A stochastic model is one that depends on a random process. A Markov process, named after Andrey Markov, is a stochastic process that satisfies the Markov property — also known as "memorylessness": the next state depends only on the present state, not on any history before it.
A Markov chain is a Markov process with a finite or countable state space. The transitions between states each carry a probability, and the full set of these probabilities is captured in a transition matrix.
Applications
Markov chains appear across many real-world domains:
- Cruise control systems
- Ant colony optimization
- Share price movement analysis
- Natural language modeling (n-gram language models are Markov chains)
Fig. 2 — Model for share price movement
Transition Matrix (Stochastic Matrix)
A stochastic matrix (or transition matrix) defines the transitions in a Markov chain.

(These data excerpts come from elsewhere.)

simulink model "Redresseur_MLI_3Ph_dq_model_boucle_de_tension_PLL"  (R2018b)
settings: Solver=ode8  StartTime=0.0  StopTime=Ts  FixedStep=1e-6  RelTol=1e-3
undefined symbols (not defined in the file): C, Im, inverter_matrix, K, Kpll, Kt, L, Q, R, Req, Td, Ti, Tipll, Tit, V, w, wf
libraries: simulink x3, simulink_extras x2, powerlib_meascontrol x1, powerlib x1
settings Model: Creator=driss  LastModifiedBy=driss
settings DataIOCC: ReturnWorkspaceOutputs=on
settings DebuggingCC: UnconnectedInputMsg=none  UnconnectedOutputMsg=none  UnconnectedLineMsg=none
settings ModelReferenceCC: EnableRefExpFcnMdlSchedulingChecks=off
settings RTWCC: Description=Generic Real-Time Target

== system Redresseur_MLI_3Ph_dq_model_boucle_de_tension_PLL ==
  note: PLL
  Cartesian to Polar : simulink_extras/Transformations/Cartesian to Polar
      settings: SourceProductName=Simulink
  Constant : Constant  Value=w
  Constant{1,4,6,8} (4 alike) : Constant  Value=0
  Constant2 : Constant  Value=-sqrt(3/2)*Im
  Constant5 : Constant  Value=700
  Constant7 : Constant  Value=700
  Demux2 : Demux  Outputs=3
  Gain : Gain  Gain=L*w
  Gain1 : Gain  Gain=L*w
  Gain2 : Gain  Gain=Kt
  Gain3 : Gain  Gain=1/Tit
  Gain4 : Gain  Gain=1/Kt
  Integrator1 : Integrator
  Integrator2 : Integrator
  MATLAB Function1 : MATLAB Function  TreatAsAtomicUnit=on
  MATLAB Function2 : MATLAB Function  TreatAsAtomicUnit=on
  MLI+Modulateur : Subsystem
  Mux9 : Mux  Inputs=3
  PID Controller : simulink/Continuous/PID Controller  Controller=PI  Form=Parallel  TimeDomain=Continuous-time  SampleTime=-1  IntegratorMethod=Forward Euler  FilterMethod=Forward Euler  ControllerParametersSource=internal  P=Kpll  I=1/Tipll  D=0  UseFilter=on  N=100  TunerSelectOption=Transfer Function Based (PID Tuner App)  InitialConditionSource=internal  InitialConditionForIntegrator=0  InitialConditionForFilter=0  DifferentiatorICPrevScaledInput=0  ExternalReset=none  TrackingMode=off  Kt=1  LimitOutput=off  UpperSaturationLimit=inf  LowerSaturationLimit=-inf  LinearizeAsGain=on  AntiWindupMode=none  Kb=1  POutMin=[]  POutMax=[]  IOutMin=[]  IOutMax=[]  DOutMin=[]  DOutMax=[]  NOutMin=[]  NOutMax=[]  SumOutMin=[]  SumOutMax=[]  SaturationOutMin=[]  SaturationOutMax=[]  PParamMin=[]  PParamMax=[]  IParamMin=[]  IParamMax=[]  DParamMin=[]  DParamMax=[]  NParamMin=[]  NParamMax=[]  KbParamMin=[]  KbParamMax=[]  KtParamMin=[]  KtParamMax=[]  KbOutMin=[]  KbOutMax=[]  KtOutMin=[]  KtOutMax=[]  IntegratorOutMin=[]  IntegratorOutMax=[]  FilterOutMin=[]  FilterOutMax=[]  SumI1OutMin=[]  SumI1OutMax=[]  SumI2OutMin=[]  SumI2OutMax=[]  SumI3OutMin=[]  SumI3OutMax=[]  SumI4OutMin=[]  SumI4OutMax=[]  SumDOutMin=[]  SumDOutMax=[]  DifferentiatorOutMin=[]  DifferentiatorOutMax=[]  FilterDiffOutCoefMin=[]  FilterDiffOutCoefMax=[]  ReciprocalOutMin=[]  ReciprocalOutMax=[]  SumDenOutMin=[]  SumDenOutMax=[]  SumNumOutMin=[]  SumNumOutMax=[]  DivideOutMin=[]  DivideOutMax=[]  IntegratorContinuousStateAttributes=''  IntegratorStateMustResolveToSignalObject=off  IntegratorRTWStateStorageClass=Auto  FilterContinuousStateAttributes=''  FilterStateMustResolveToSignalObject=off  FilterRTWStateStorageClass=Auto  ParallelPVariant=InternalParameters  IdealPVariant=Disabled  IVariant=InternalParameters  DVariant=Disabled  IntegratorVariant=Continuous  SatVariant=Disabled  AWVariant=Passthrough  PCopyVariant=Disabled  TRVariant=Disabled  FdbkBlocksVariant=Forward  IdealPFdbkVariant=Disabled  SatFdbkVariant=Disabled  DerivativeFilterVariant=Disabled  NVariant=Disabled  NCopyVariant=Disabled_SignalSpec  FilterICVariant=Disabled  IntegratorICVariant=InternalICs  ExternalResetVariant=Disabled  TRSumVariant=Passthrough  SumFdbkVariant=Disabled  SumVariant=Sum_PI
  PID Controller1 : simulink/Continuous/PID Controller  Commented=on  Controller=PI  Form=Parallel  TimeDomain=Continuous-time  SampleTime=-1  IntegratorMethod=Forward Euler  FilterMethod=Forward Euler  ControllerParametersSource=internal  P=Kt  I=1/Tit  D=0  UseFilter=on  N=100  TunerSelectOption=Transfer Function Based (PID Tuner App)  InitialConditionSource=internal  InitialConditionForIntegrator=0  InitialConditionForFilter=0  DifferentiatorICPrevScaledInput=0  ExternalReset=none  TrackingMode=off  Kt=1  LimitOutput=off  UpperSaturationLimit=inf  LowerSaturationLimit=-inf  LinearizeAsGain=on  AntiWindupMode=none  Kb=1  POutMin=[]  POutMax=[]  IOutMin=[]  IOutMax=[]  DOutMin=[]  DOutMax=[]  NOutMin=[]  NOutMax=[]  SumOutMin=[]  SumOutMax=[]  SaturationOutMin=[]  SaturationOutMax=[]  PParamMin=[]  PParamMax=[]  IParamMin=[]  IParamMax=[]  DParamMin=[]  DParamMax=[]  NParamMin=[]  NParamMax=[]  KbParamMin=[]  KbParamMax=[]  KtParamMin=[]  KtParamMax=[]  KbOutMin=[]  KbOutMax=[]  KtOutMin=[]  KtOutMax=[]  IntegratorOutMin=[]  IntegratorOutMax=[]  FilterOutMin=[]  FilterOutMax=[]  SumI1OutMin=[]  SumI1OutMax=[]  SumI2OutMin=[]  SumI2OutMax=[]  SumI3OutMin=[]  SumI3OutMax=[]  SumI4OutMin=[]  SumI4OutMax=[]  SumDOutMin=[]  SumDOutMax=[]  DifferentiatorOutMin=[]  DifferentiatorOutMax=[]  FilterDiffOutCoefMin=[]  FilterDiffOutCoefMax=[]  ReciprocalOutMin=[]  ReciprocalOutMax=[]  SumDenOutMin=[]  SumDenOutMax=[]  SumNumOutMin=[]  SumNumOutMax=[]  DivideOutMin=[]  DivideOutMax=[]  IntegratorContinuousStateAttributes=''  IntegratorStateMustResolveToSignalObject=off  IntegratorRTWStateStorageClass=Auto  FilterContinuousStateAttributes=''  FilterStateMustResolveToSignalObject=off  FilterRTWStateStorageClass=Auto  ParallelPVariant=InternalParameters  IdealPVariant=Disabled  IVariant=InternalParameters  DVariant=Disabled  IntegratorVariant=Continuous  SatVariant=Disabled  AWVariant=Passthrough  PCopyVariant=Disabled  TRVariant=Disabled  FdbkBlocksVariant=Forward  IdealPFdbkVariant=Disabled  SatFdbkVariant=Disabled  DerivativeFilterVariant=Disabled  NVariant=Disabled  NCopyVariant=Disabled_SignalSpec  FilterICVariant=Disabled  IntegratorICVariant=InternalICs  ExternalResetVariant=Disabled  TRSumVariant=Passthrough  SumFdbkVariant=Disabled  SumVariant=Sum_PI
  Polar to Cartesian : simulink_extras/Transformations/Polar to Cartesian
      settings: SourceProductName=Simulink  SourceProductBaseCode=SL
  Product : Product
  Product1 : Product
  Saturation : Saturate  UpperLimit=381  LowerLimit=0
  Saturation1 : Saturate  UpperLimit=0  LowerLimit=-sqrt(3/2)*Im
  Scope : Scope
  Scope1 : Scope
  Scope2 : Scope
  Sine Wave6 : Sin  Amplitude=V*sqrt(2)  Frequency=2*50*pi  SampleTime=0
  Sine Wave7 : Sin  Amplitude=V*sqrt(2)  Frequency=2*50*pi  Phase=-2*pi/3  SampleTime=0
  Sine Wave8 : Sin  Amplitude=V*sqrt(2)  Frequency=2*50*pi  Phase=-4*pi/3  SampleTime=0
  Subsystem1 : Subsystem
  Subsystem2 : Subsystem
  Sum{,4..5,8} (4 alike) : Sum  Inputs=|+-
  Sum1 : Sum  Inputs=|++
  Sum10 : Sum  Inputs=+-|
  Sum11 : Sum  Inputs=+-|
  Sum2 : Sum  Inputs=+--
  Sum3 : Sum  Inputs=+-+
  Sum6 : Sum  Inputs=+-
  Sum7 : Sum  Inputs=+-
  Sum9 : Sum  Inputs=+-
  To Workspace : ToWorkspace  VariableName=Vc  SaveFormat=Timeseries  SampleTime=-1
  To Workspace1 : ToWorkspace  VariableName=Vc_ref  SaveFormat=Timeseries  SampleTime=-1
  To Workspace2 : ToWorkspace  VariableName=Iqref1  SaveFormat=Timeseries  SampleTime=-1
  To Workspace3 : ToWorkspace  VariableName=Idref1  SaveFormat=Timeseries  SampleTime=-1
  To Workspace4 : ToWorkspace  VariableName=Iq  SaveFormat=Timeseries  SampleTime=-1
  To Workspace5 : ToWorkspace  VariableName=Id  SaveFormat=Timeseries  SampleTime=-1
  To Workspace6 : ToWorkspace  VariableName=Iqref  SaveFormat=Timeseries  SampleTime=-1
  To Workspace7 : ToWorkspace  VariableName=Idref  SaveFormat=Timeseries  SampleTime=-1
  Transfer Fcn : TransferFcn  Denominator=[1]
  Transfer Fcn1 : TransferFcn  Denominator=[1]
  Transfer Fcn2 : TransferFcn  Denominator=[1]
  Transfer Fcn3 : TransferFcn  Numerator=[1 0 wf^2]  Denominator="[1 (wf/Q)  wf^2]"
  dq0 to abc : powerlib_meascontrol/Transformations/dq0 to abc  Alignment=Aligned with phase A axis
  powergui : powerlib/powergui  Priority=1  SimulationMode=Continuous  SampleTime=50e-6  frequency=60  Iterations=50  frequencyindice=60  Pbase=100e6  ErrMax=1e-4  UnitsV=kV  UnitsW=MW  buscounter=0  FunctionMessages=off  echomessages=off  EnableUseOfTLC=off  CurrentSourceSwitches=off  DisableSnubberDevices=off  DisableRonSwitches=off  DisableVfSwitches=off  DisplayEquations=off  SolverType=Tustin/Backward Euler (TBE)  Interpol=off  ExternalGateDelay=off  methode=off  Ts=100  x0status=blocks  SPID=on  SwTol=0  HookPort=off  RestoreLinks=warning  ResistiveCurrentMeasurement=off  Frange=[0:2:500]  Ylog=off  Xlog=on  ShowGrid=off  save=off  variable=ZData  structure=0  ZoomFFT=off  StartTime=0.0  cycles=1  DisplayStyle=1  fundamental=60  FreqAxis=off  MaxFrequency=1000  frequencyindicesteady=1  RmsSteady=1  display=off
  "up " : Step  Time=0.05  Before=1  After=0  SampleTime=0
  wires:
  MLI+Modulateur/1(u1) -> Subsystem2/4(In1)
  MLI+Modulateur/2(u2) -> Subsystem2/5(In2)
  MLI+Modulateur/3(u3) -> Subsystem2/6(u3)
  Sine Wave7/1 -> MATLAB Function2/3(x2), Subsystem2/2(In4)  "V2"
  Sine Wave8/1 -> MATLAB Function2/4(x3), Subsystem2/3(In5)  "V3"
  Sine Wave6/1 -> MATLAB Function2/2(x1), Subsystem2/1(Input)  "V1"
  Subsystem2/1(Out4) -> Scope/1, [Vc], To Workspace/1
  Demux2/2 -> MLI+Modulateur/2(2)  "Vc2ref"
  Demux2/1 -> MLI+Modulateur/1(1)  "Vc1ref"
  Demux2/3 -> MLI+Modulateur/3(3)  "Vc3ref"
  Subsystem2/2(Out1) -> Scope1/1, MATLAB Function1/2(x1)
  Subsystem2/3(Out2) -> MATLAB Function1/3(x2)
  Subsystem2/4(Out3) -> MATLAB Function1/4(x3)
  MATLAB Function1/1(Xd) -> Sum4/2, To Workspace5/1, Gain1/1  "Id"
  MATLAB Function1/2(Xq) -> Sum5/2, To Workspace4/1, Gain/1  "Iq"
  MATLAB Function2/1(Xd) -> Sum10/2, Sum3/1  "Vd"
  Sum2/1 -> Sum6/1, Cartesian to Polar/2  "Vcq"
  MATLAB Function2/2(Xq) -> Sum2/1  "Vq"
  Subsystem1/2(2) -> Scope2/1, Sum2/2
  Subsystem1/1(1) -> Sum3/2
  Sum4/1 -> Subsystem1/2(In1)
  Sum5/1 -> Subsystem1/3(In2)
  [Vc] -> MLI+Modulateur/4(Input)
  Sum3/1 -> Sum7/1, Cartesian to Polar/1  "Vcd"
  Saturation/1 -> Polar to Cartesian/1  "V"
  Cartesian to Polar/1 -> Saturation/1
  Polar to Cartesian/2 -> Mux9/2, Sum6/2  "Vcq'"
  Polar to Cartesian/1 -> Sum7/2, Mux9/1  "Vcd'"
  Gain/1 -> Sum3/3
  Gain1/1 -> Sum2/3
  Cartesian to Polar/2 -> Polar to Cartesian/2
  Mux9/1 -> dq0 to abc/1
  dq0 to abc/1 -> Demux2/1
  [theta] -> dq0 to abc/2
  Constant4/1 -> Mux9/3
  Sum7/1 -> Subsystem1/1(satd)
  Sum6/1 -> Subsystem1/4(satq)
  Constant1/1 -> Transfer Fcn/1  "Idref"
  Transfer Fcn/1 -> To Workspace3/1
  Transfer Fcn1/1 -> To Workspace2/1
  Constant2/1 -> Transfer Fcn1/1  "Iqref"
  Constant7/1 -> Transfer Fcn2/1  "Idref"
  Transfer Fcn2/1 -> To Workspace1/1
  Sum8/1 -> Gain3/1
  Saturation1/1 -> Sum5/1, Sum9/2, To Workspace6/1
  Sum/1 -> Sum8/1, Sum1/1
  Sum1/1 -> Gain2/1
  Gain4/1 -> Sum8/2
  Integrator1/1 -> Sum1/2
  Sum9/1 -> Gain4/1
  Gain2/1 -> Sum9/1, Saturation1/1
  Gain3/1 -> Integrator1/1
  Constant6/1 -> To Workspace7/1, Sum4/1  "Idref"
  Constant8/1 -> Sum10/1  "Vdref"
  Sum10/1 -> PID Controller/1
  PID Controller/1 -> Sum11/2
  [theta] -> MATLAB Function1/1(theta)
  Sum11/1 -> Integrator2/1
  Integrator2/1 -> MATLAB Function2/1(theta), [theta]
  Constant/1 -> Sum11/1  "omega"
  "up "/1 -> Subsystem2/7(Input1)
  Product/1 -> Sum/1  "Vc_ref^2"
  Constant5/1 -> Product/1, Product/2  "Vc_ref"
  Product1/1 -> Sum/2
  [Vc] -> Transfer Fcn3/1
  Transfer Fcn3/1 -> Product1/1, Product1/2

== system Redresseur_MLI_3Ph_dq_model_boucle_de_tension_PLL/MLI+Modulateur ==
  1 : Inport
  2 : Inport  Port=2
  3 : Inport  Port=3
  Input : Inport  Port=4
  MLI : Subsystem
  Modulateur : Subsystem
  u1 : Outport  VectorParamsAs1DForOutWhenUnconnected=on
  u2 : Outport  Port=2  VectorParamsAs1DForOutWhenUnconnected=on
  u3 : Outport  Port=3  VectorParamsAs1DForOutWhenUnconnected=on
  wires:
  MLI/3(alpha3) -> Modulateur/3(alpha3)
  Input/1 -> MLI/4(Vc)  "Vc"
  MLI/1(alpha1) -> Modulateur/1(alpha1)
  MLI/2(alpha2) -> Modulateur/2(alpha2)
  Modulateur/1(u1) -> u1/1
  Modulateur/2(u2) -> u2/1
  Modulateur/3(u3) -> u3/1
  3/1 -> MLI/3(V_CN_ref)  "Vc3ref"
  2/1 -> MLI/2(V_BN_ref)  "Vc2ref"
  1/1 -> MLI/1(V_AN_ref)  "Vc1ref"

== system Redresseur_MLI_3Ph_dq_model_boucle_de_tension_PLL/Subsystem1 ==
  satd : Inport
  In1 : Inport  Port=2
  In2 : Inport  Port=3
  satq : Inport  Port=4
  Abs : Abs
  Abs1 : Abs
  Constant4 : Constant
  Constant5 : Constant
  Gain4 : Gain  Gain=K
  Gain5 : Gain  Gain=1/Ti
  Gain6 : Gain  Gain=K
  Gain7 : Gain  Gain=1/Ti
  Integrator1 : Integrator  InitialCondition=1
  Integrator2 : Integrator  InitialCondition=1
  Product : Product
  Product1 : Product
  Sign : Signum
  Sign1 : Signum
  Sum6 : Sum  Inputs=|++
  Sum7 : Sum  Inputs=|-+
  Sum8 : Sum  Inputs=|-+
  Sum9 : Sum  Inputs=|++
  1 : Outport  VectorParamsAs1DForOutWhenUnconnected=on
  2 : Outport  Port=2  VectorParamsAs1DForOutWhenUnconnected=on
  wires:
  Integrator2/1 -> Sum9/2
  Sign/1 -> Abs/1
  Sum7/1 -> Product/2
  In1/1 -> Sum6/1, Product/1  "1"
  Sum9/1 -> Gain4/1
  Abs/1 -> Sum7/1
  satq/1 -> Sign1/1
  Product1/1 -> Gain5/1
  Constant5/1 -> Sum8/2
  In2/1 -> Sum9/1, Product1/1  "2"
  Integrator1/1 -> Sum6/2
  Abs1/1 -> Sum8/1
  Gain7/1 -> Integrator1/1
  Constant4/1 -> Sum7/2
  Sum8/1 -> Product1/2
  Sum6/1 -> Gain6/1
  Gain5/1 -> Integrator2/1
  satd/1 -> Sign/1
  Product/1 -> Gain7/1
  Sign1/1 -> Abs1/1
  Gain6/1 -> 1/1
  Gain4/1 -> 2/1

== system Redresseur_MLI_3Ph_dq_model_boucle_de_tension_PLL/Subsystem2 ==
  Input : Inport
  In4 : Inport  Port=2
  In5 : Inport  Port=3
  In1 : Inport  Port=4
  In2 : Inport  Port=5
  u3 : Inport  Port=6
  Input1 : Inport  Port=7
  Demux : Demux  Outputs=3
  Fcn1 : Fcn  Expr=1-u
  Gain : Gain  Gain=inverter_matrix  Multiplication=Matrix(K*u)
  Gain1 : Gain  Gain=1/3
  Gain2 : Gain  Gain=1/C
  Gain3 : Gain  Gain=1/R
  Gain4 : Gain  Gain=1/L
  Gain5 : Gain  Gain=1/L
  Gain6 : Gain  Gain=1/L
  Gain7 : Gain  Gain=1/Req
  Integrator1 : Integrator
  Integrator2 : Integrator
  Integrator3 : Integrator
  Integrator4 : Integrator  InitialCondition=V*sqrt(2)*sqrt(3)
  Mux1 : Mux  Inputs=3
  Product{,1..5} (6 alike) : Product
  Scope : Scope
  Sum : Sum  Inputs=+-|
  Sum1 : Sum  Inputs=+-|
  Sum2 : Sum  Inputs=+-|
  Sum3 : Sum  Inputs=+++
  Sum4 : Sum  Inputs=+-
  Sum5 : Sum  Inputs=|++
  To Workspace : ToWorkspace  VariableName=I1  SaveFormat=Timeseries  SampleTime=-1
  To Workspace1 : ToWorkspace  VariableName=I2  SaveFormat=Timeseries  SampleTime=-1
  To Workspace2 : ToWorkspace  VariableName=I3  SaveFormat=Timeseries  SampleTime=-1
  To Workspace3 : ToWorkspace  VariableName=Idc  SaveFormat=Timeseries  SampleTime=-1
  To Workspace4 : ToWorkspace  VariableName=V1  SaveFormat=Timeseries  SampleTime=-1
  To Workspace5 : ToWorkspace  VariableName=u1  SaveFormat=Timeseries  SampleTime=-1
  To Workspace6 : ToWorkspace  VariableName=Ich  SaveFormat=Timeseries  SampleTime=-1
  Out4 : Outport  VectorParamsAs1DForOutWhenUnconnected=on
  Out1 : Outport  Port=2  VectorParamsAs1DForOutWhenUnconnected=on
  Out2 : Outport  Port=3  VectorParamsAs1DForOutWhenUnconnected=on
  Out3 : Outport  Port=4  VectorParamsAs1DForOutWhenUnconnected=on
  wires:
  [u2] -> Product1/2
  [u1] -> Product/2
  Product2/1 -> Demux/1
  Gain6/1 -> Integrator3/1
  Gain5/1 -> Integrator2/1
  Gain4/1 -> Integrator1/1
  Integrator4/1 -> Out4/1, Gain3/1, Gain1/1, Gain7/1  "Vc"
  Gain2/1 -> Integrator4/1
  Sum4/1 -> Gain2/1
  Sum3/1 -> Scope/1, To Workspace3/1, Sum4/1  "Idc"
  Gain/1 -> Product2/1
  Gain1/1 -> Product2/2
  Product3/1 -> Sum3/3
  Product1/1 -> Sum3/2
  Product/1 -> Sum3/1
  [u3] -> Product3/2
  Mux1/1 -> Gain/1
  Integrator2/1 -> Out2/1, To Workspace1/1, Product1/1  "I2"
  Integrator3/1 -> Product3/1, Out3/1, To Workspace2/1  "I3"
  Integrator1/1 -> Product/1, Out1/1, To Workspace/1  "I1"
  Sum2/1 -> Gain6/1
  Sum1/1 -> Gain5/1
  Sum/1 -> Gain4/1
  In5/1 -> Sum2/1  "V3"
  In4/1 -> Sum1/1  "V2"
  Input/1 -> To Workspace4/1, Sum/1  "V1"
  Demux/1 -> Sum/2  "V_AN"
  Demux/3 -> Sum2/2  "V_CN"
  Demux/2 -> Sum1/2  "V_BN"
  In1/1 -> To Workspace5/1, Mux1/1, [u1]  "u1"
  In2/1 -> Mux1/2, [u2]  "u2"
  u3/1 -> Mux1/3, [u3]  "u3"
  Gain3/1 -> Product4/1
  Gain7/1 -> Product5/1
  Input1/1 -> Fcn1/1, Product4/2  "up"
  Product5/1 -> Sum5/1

Each entry is a non-negative real number representing the probability of moving from one state to another.
In a right stochastic matrix, each row represents the current state, and the values in that row are the probabilities of transitioning to each possible next state. The row values sum to 1.
In a left stochastic matrix, columns represent the current state and the column values sum to 1. These matrices go by many names: probability matrix, transition matrix, Markov matrix, or substitution matrix.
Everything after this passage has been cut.